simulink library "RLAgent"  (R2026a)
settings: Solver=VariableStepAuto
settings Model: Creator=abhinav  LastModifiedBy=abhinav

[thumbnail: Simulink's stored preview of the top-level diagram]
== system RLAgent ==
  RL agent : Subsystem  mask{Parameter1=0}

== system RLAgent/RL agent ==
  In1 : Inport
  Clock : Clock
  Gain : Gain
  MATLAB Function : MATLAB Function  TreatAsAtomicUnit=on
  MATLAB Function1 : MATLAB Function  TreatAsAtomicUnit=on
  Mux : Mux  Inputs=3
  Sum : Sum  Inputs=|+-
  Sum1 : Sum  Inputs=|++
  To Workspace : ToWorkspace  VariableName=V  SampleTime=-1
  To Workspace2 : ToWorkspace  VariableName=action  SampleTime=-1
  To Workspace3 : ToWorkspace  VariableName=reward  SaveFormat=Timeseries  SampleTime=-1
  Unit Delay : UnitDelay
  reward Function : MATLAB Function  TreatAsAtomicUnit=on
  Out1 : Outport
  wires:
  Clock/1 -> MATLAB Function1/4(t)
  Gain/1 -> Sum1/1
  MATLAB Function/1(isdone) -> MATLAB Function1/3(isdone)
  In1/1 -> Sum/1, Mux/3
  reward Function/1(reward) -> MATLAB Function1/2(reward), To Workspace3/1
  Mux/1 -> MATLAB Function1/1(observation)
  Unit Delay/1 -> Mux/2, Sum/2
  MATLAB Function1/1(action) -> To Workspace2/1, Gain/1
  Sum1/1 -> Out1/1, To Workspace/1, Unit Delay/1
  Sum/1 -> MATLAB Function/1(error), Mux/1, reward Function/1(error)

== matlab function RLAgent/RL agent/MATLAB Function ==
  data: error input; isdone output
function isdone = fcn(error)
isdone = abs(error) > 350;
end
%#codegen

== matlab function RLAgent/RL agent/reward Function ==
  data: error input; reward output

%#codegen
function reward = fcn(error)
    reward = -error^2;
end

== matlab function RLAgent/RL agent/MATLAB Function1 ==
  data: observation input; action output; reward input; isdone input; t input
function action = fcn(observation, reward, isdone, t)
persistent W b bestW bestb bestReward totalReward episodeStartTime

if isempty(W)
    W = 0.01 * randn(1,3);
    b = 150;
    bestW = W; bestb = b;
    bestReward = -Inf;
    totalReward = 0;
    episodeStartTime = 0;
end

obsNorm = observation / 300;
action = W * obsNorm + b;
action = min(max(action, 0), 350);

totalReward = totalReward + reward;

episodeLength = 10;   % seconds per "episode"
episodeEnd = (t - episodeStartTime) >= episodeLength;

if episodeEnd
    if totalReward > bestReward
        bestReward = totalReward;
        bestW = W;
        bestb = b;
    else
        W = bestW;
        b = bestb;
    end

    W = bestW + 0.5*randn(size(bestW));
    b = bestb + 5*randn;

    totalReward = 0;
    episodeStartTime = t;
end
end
# # # # #
> [Activity]
Return the entries above exactly, each one complete.

> [Answer box]
simulink library "RLAgent"  (R2026a)
settings: Solver=VariableStepAuto
settings Model: Creator=abhinav  LastModifiedBy=abhinav

[thumbnail: Simulink's stored preview of the top-level diagram]
== system RLAgent ==
  RL agent : Subsystem  mask{Parameter1=0}

== system RLAgent/RL agent ==
  In1 : Inport
  Clock : Clock
  Gain : Gain
  MATLAB Function : MATLAB Function  TreatAsAtomicUnit=on
  MATLAB Function1 : MATLAB Function  TreatAsAtomicUnit=on
  Mux : Mux  Inputs=3
  Sum : Sum  Inputs=|+-
  Sum1 : Sum  Inputs=|++
  To Workspace : ToWorkspace  VariableName=V  SampleTime=-1
  To Workspace2 : ToWorkspace  VariableName=action  SampleTime=-1
  To Workspace3 : ToWorkspace  VariableName=reward  SaveFormat=Timeseries  SampleTime=-1
  Unit Delay : UnitDelay
  reward Function : MATLAB Function  TreatAsAtomicUnit=on
  Out1 : Outport
  wires:
  Clock/1 -> MATLAB Function1/4(t)
  Gain/1 -> Sum1/1
  MATLAB Function/1(isdone) -> MATLAB Function1/3(isdone)
  In1/1 -> Sum/1, Mux/3
  reward Function/1(reward) -> MATLAB Function1/2(reward), To Workspace3/1
  Mux/1 -> MATLAB Function1/1(observation)
  Unit Delay/1 -> Mux/2, Sum/2
  MATLAB Function1/1(action) -> To Workspace2/1, Gain/1
  Sum1/1 -> Out1/1, To Workspace/1, Unit Delay/1
  Sum/1 -> MATLAB Function/1(error), Mux/1, reward Function/1(error)

== matlab function RLAgent/RL agent/MATLAB Function ==
  data: error input; isdone output
function isdone = fcn(error)
isdone = abs(error) > 350;
end
%#codegen

== matlab function RLAgent/RL agent/reward Function ==
  data: error input; reward output

%#codegen
function reward = fcn(error)
    reward = -error^2;
end

== matlab function RLAgent/RL agent/MATLAB Function1 ==
  data: observation input; action output; reward input; isdone input; t input
function action = fcn(observation, reward, isdone, t)
persistent W b bestW bestb bestReward totalReward episodeStartTime

if isempty(W)
    W = 0.01 * randn(1,3);
    b = 150;
    bestW = W; bestb = b;
    bestReward = -Inf;
    totalReward = 0;
    episodeStartTime = 0;
end

obsNorm = observation / 300;
action = W * obsNorm + b;
action = min(max(action, 0), 350);

totalReward = totalReward + reward;

episodeLength = 10;   % seconds per "episode"
episodeEnd = (t - episodeStartTime) >= episodeLength;

if episodeEnd
    if totalReward > bestReward
        bestReward = totalReward;
        bestW = W;
        bestb = b;
    else
        W = bestW;
        b = bestb;
    end

    W = bestW + 0.5*randn(size(bestW));
    b = bestb + 5*randn;

    totalReward = 0;
    episodeStartTime = t;
end
end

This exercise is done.